• **Problem details**: Every line of the data below that holds the string "stroke" needs to be reported.

• **Record set**:
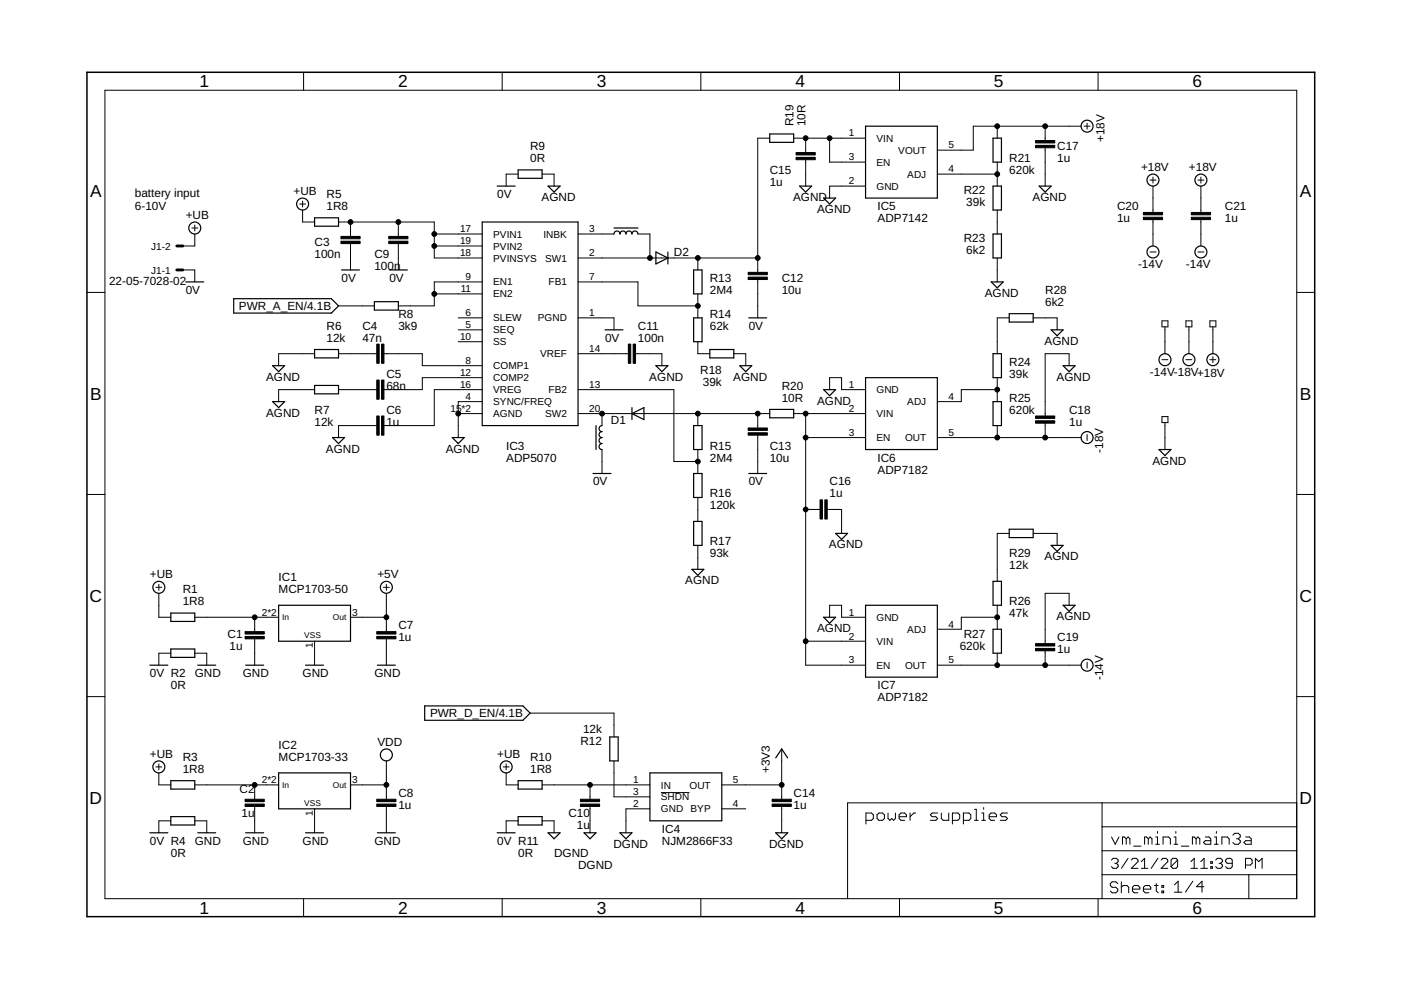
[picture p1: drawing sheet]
<svg xmlns="http://www.w3.org/2000/svg" width="297mm" height="210mm" viewBox="0 0 297 210" stroke-linecap="round" stroke-linejoin="round" font-family="sans-serif">
<g fill="none" stroke="#000" stroke-width=".21">
<path d="M22.2 19.1h252.7v171.4h-252.7zM64.4 15.3v3.8M106.5 15.3v3.8M148.6 15.3v3.8M190.7 15.3v3.8M232.8 15.3v3.8M109.9 36.9h-2.6v2.6M114.9 36.9h2.6v2.6M163.2 29.3h-2.5v28.4M168.3 29.3h15.2M170.8 29.3v3M170.8 33.9v5.6"/>
<path d="M175.9 29.3v5.1h7.6M183.5 39.5h-7.6v2.5M198.7 36.9h12.7M211.4 26.8v2.5M211.4 34.4v5.1M221.6 26.8v3M221.6 31.3v8.2M229.2 26.8h-22.8v5h-7.7M229.8 26.8h1.3M230.5 26.1v1.3M243.8 38.2h1.3M244.5 37.5v1.3"/>
<path d="M244.5 39.5v5.5M254 38.2h1.2M254.6 37.5v1.3M254.6 39.5v5.5M38.8 57.2h2.5v2.6M40.7 48.3h1.2M41.3 49.6v2.6h-2.5M41.3 47.7v1.3M63.5 43.3h1.3M64.2 42.6v1.3M64.2 44.5v2.6h2.5M71.8 47.1h20.3v7.6h10.1"/>
<path d="M74.3 47.1v3M74.3 51.6v5.6M84.5 47.1v3M84.5 51.6v5.6M92.1 49.6h10.1M92.1 52.2h10.1M102.2 59.8h-10.1v5.1h-7.6M122.6 54.7h38.1M122.6 49.6h7.6M122.6 59.8h12.7v5.1h12.7M135.3 49.6h2.5v5.1M148 54.7v2.5"/>
<path d="M160.7 59.3v8.1M211.4 44.5v5.1M211.4 54.7v5.1M243.8 53.4h1.3M244.5 46.6v5.6M254 53.4h1.2M254.6 46.6v5.6M18.4 62h3.8M66.7 75h-7.6v2.5M71.8 75h8.1M71.8 64.9h7.6M81.4 75h8.1v2.5h12.7"/>
<path d="M92.1 62.3h10.1M97.2 67.4h5M97.2 69.9h5M97.2 72.5h5M122.6 67.4h7.6v2.5M122.6 75h10.6M134.7 75h5.6v2.5M148 72.5v2.5h2.5M148 62.3v5.1M155.6 75h2.5v2.5M214 67.4h-2.6v7.6M219.1 67.4h5v2.5"/>
<path d="M226.7 77.5v-2.5h-5.1v13.2M246.4 68h1.2v1.3h-1.2zM246.4 76.3h1.2M247 69.3v5.7M251.4 68h1.3v1.3h-1.3zM251.4 76.3h1.3M252.1 69.3v5.7M256.5 68h1.3v1.3h-1.3zM256.5 76.3h1.3M257.2 69.3v5.7M257.2 75.6v1.3M274.9 62h3.8"/>
<path d="M66.7 82.6h-7.6v2.6M71.8 82.6h8.1M79.9 90.2h-8.1v2.6M97.2 87.7h5M102.2 85.2h-5v7.6M102.2 80.1h-12.7v2.5h-8.1M102.2 82.6h-10.1v7.6h-10.7M122.6 82.6h20.3v15.3h5.1M122.6 87.7h40.6M127.6 87.7v2.5M127.6 95.3v5.1M148 87.7v2.5"/>
<path d="M148 95.3v5.1M160.7 87.7v3M160.7 92.3v8.1M168.3 87.7h15.2M170.8 92.8h12.7M170.8 87.7v53.3h12.7M175.9 82.6v-2.5h2.5v2.5h5.1M198.7 92.8h30.5M211.4 82.6h-7.6v2.6h-5.1M211.4 80.1v5.1M211.4 90.2v2.6M221.6 89.7v3.1"/>
<path d="M230.5 92.1v1.3M246.4 88.3h1.2v1.3h-1.2zM247 89.6v5.7M18.4 104.8h3.8M148 105.5v5.1M148 115.6v5.1M170.8 108h3.1M175.4 108h3v5.1M214 113.1h-2.6v10.2M219.1 113.1h5v2.5M274.9 104.8h3.8M33 124.5h1.3"/>
<path d="M33.7 123.9v1.3M33.7 125.8v5.1h2.5M36.2 138.5h-2.5v2.5M41.3 138.5h2.5v2.5M41.3 130.9h17.8M54 130.9v3M54 135.4v5.6M66.7 136v5M74.3 130.9h7.6M81.3 124.5h1.2M81.9 123.9v1.3M81.9 125.8v8.1"/>
<path d="M81.9 135.4v5.6M170.8 136h12.7M175.9 130.9v-2.6h2.5v2.6h5.1M211.4 128.3v5.1M211.4 138.5v2.5M211.4 130.9h-7.6v2.5h-5.1M221.6 138v3M226.7 128.3v-2.5h-5.1v10.7M18.4 147.7h3.8M112.4 151.2h17.8v5.1M165.7 158.8v10.7M198.7 141h30.5"/>
<path d="M230.5 140.4v1.3M274.9 147.7h3.8M33 162.6h1.3M33.7 163.9v2.5h2.5M33.7 162v1.2M36.2 174h-2.5v2.6M41.3 166.4h17.8M41.3 174h2.5v2.6M54 166.4v3.1M54 171v5.6M66.7 171.5v5.1M74.3 166.4h7.6"/>
<path d="M81.9 161.3v8.2M81.9 171v5.6M106.7 162.6h1.2M107.3 163.9v2.5h2.6M107.3 162v1.2M109.9 174h-2.6v2.6M114.9 166.4h22.9M114.9 174h2.6v2.6M125.1 166.4v3.1M125.1 171v5.6M130.2 161.3v7.7h7.6M137.8 171.5h-5.1v5.1"/>
<path d="M140.1 168h6.1M153 166.4h12.7M153 171.5h5.1M165.7 171v5.6M183.6 173.9h1.2l.4-.4v-.7l-.4-.4h-1.2v2.3M186.3 172.4h.8l.4 .4v.7l-.4 .4h-.8l-.4-.4v-.7zM188.3 172.4v1.1l.4 .4 .4-.4 .4 .4 .3-.4v-1.1M190.6 173.2h1.6v-.4l-.4-.4h-.8l-.4 .4v.7l.4 .4h.8M193 172.4v1.5M194.1 172.4h-.4l-.7 .8M198.8 172.4h-1.2l-.3 .4 .3 .4h.8l.4 .3-.4 .4h-1.1M199.6 172.4v1.1l.4 .4h1.1v-1.5"/>
<path d="M201.9 173.9h1.2l.4-.4v-.7l-.4-.4h-1.2v2.3M204.3 173.9h1.1l.4-.4v-.7l-.4-.4h-1.1v2.3M206.6 173.9h.8M206.6 171.6h.4v2.3M208.2 172.4h.4v1.5M208.2 173.9h.7M208.6 171.2v.4M209.7 173.2h1.6v-.4l-.4-.4h-.8l-.4 .4v.7l.4 .4h.8M213.6 172.4h-1.2l-.3 .4 .3 .4h.8l.4 .3-.4 .4h-1.1M233.7 170.2v20.3M233.7 175.3h41.2M235.7 177.5l.8 1.5 .7-1.5"/>
<path d="M238.8 177.8l-.4-.3h-.4v1.5M238.8 177.8v1.2M238.8 177.8l.4-.3 .4 .3v1.2M240.3 179.4h1.6M243.5 177.8l-.4-.3h-.4v1.5M243.5 177.8v1.2M243.5 177.8l.4-.3 .3 .3v1.2M245 177.5h.4v1.5M245 179h.8M245.4 176.3v.4M246.6 179v-1.5h1.2l.3 .3v1.2M248.9 177.5h.4v1.5"/>
<path d="M248.9 179h.8M249.3 176.3v.4M250.5 179.4h1.5M253.6 177.8l-.4-.3h-.4v1.5M253.6 177.8v1.2M253.6 177.8l.4-.3 .4 .3v1.2M255.5 177.5h.8l.4 .3v1.2h-1.2l-.3-.4 .3-.4h1.2M257.5 177.5h.4v1.5M257.5 179h.8M257.9 176.3v.4M259.1 179v-1.5h1.1l.4 .3v1.2M261.4 177.1l.4-.4h.8l.4 .4v.4l-.4 .3"/>
<path d="M262.2 177.8h.4M262.6 177.8l.4 .4v.4l-.4 .4h-.8l-.4-.4M264.1 177.5h.8l.4 .3v1.2h-1.2l-.4-.4 .4-.4h1.2M274.9 170.2h-95.2v20.3M64.4 190.5v3.9M106.5 190.5v3.9M148.6 190.5v3.9M190.7 190.5v3.9M232.8 190.5v3.9M233.7 185.5h41.2M233.7 180.4h41.2M235.6 182.4l.4-.4h.7l.4 .4v.3l-.4 .3"/>
<path d="M236.4 183h.3M236.7 183l.4 .4v.3l-.4 .4h-.7l-.4-.4M237 187.3l-.4-.3h-.8l-.4 .3v.4l.4 .4h.8l.4 .4v.4l-.4 .4h-.8l-.4-.4M237.7 187v2.3M237.7 188.1l.4-.4h.8l.4 .4v1.2M239.2 182l-1.4 2.1M239.9 182.4l.3-.4h.7l.4 .4v.3l-1.4 1.4h1.4M240.1 188.5h1.6v-.4l-.4-.4h-.8l-.4 .4v.8l.4 .4h.8M242 182.7l.7-.7v2.1M242 184.1h1.4M242.4 188.5h1.6v-.4l-.4-.4h-.8l-.4 .4v.8l.4 .4h.8M244.8 187.7h.8"/>
<path d="M245.2 187.3v1.6l.4 .4M245.5 182l-1.4 2.1M246.2 182.4l.3-.4h.7l.4 .4v.3l-1.4 1.4h1.4M246.3 187.7h.4v.4h-.4zM246.3 188.9h.4v.4h-.4zM249 187.6l.8-.8v2.4M249 189.2h1.6M249.7 182.4l-.4-.4h-.7l-.3 .4v1.3M249.7 182.4v1.3l-.4 .4h-.7l-.3-.4M249.7 182.4l-1.4 1.3M252.5 184.1h1.4M252.5 182.7l.7-.7v2.1"/>
<path d="M252.9 186.8l-1.6 2.4M254.6 184.1h1.4M254.6 182.7l.7-.7v2.1M255.2 188h-1.5l1.1-1.2v2.4M256.7 182.7h.3v.3h-.3zM256.7 183.7h.3v.4h-.3zM257.7 182.4l.4-.4h.7l.4 .4v.3l-.4 .3M258.5 183h.3M258.8 183l.4 .4v.3l-.4 .4h-.7l-.4-.4M261.3 183h-1.1l-.3-.3v-.3l.3-.4h.7l.4 .4v1.3l-.4 .4h-.7l-.3-.4M264.1 183.4h1l.4-.4v-.6l-.4-.4h-1v2.1M264.8 185.5v5"/>
<path d="M266.2 184.1v-2.1l.7 .7 .7-.7v2.1"/>
</g>
<g fill="none" stroke="#000" stroke-width=".25">
<path d="M105.4 39.5h3.8M109.9 36h5v1.8h-5zM116.2 39.5h2.5l-1.2 1.2zM163.2 28.4h5.1v1.8h-5.1zM169.5 39.5h2.6l-1.3 1.2zM183.5 26.8h15.2v15.2h-15.2zM210.5 29.3h1.8v5.1h-1.8zM210.5 39.5h1.8v5h-1.8zM220.3 39.5h2.6l-1.3 1.2zM39.4 59.8h3.8M66.7 46.2h5.1v1.8h-5.1zM72.4 57.2h3.8"/>
<path d="M82.5 57.2h3.9M102.2 47.1h20.4v43.1h-20.4zM130.2 49.6a.63 .63 0 0 1 .6-.6 .63 .63 0 0 1 .6 .6 .63 .63 0 0 1 .7-.6 .63 .63 0 0 1 .6 .6 .63 .63 0 0 1 .6-.6 .63 .63 0 0 1 .7 .6 .63 .63 0 0 1 .6-.6 .63 .63 0 0 1 .7 .6M130.2 48.3h5.1M139.1 53.4l2.5 1.3-2.5 1.3zM141.6 53.4v2.6M147.1 57.2h1.7v5.1h-1.7zM174.6 42h2.6l-1.3 1.3zM210.2 59.8h2.5l-1.3 1.2zM210.5 49.6h1.8v5.1h-1.8zM49.6 63.3h20.7l1.5 1.6-1.5 1.5h-20.7zM57.8 77.5h2.5l-1.2 1.3z"/>
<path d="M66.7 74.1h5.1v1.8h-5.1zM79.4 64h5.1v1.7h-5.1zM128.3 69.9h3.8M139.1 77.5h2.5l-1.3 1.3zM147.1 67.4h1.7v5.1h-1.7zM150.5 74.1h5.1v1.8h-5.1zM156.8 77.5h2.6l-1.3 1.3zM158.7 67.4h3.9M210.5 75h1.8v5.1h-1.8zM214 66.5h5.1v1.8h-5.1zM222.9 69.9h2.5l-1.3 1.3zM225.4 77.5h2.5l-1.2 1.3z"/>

• **Task response**:
<svg xmlns="http://www.w3.org/2000/svg" width="297mm" height="210mm" viewBox="0 0 297 210" stroke-linecap="round" stroke-linejoin="round" font-family="sans-serif">
<g fill="none" stroke="#000" stroke-width=".21">
<g fill="none" stroke="#000" stroke-width=".25">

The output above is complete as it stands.